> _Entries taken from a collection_

□ □ □

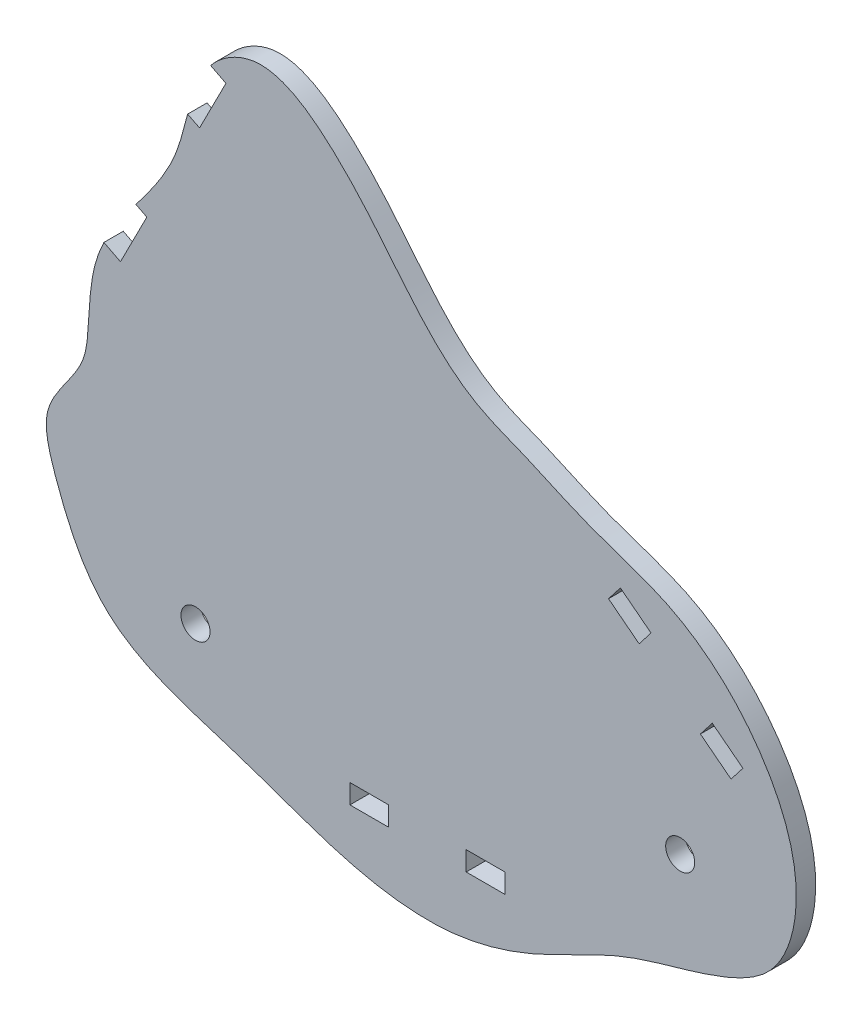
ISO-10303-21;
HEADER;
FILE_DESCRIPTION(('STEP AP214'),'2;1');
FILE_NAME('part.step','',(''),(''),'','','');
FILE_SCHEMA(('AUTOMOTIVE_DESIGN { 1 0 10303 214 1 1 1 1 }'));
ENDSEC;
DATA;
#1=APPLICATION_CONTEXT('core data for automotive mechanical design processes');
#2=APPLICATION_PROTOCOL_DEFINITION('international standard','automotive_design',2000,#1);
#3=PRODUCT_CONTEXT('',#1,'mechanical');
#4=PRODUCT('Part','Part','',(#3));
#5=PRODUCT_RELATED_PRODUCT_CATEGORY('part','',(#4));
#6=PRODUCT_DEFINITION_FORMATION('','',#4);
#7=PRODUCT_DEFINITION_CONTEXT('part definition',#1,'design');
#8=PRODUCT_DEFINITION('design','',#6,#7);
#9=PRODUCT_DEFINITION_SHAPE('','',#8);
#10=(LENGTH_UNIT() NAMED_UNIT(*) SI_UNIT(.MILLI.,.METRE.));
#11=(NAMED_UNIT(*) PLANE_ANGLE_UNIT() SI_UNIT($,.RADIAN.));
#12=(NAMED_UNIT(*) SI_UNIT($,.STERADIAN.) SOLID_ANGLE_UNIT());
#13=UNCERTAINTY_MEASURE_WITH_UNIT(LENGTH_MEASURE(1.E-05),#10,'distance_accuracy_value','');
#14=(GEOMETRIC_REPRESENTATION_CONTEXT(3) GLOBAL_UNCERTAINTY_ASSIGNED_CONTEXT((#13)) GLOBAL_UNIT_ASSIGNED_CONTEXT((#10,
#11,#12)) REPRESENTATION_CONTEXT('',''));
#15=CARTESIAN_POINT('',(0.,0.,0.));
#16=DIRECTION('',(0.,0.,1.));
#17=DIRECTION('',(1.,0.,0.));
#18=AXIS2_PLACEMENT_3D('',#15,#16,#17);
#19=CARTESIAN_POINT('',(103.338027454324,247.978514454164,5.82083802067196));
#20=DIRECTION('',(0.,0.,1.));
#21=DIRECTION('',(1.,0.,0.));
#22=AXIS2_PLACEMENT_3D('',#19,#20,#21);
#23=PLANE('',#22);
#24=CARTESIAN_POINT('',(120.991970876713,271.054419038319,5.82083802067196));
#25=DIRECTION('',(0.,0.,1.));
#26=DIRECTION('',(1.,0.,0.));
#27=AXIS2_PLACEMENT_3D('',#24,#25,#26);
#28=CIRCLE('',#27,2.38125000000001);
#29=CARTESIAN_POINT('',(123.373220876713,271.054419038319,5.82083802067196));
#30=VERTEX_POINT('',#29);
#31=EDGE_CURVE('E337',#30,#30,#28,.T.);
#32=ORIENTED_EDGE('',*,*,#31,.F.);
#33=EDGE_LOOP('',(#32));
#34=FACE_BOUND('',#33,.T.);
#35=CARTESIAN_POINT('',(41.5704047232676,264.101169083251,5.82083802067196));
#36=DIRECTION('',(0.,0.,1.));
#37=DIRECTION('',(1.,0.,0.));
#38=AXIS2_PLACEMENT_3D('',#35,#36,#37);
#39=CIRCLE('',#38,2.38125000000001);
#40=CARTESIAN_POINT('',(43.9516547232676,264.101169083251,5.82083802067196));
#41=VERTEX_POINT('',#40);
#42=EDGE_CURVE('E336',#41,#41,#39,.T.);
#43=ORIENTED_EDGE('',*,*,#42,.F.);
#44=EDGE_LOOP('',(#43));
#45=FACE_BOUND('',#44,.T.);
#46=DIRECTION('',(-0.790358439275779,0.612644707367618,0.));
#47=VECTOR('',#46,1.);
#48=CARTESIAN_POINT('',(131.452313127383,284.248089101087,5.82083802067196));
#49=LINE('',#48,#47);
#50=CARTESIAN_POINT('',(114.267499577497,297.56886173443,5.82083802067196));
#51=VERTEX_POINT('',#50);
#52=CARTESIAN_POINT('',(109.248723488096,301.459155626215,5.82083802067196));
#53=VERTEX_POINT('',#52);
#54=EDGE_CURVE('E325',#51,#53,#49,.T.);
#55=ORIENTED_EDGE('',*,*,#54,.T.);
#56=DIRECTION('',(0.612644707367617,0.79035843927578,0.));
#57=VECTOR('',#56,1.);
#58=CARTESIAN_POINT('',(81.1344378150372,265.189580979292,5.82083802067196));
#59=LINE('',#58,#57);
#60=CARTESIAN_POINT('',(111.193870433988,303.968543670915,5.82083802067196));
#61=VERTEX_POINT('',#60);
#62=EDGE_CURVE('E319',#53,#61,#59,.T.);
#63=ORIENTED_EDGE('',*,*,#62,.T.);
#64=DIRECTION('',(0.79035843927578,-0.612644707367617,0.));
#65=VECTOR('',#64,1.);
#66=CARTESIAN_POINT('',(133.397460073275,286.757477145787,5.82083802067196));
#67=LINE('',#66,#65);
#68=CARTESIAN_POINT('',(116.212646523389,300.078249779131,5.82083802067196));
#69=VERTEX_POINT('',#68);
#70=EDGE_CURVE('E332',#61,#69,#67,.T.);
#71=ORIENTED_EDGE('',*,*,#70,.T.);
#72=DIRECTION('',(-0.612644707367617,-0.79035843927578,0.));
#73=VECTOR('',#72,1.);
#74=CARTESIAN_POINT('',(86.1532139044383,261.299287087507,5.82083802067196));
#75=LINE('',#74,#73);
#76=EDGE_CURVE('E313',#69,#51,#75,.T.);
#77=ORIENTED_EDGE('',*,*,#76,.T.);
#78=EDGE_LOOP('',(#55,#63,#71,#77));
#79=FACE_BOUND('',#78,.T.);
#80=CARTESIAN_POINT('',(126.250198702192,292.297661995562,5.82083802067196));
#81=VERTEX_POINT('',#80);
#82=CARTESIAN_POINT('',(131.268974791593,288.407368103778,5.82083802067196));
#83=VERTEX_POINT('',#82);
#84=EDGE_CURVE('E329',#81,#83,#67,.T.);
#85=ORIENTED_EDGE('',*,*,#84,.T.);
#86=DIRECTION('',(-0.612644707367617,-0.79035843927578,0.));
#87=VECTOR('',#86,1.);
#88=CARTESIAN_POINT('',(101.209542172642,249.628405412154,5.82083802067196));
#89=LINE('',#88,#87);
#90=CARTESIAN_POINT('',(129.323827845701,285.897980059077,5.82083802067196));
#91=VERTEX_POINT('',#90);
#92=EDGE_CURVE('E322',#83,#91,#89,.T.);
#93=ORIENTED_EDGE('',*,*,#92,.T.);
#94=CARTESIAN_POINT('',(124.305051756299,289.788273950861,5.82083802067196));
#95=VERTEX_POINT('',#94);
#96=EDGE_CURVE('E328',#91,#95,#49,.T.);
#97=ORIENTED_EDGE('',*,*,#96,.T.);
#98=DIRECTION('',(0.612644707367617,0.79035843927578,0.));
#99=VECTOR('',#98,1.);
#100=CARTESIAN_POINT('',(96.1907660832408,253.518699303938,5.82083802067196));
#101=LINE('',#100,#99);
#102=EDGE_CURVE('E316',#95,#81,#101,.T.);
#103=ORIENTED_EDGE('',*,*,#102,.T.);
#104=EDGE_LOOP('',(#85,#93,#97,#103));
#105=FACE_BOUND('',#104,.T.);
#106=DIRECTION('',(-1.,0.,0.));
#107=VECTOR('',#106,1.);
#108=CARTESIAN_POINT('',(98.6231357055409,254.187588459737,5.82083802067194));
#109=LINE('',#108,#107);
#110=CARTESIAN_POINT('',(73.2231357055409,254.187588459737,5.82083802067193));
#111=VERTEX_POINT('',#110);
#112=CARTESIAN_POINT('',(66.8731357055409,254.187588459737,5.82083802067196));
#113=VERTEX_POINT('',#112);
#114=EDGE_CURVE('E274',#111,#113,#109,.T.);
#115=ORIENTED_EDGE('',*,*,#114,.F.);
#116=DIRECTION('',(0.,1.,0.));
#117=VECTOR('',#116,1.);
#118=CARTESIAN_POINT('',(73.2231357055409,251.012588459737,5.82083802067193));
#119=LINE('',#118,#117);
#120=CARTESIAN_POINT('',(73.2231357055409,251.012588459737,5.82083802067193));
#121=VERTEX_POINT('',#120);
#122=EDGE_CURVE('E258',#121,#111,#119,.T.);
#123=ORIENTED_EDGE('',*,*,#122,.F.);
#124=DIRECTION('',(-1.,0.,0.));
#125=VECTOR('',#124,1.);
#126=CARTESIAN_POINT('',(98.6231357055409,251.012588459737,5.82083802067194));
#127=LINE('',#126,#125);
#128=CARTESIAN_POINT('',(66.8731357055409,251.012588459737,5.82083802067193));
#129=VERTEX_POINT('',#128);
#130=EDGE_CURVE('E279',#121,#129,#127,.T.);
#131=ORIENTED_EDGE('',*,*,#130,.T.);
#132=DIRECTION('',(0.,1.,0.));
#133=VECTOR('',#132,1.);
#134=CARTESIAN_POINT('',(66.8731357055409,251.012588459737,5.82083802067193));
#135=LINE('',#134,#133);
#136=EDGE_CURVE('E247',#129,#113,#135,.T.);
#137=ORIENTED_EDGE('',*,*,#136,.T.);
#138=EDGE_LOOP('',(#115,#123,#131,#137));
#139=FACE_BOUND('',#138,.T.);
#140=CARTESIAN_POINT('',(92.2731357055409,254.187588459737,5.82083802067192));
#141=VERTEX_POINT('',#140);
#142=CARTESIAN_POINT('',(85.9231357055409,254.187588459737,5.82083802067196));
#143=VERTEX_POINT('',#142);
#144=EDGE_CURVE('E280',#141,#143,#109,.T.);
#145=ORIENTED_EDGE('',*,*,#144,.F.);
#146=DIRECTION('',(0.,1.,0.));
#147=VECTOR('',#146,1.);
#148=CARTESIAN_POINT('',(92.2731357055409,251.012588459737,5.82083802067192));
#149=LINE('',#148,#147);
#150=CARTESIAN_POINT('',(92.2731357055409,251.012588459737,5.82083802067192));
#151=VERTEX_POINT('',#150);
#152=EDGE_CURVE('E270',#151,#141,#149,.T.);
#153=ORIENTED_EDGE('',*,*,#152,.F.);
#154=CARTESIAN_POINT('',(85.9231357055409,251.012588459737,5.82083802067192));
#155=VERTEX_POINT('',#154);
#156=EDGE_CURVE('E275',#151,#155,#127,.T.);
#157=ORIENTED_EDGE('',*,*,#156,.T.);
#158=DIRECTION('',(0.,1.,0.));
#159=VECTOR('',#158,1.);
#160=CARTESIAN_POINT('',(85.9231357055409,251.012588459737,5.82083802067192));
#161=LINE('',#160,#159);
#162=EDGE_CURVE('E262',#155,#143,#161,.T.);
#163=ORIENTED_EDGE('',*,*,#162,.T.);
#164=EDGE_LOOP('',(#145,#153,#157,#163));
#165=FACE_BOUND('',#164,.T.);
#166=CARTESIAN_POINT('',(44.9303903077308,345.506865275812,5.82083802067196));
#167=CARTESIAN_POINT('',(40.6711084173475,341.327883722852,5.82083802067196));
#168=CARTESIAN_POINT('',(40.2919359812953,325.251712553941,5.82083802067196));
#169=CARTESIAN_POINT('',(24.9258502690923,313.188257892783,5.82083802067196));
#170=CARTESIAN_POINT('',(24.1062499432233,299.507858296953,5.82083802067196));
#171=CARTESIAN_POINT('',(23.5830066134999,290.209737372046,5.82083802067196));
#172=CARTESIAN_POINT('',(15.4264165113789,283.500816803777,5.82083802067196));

□ □ □

> _WORK TO COMPLETE_
Extract exactly and only the lines above from the line containing "#54=EDGE_CURVE('E325',#51,#53,#49,.T.);" through the line containing "#65=VECTOR('',#64,1.);", both end lines included.

> _FINAL ANSWER_
#54=EDGE_CURVE('E325',#51,#53,#49,.T.);
#55=ORIENTED_EDGE('',*,*,#54,.T.);
#56=DIRECTION('',(0.612644707367617,0.79035843927578,0.));
#57=VECTOR('',#56,1.);
#58=CARTESIAN_POINT('',(81.1344378150372,265.189580979292,5.82083802067196));
#59=LINE('',#58,#57);
#60=CARTESIAN_POINT('',(111.193870433988,303.968543670915,5.82083802067196));
#61=VERTEX_POINT('',#60);
#62=EDGE_CURVE('E319',#53,#61,#59,.T.);
#63=ORIENTED_EDGE('',*,*,#62,.T.);
#64=DIRECTION('',(0.79035843927578,-0.612644707367617,0.));
#65=VECTOR('',#64,1.);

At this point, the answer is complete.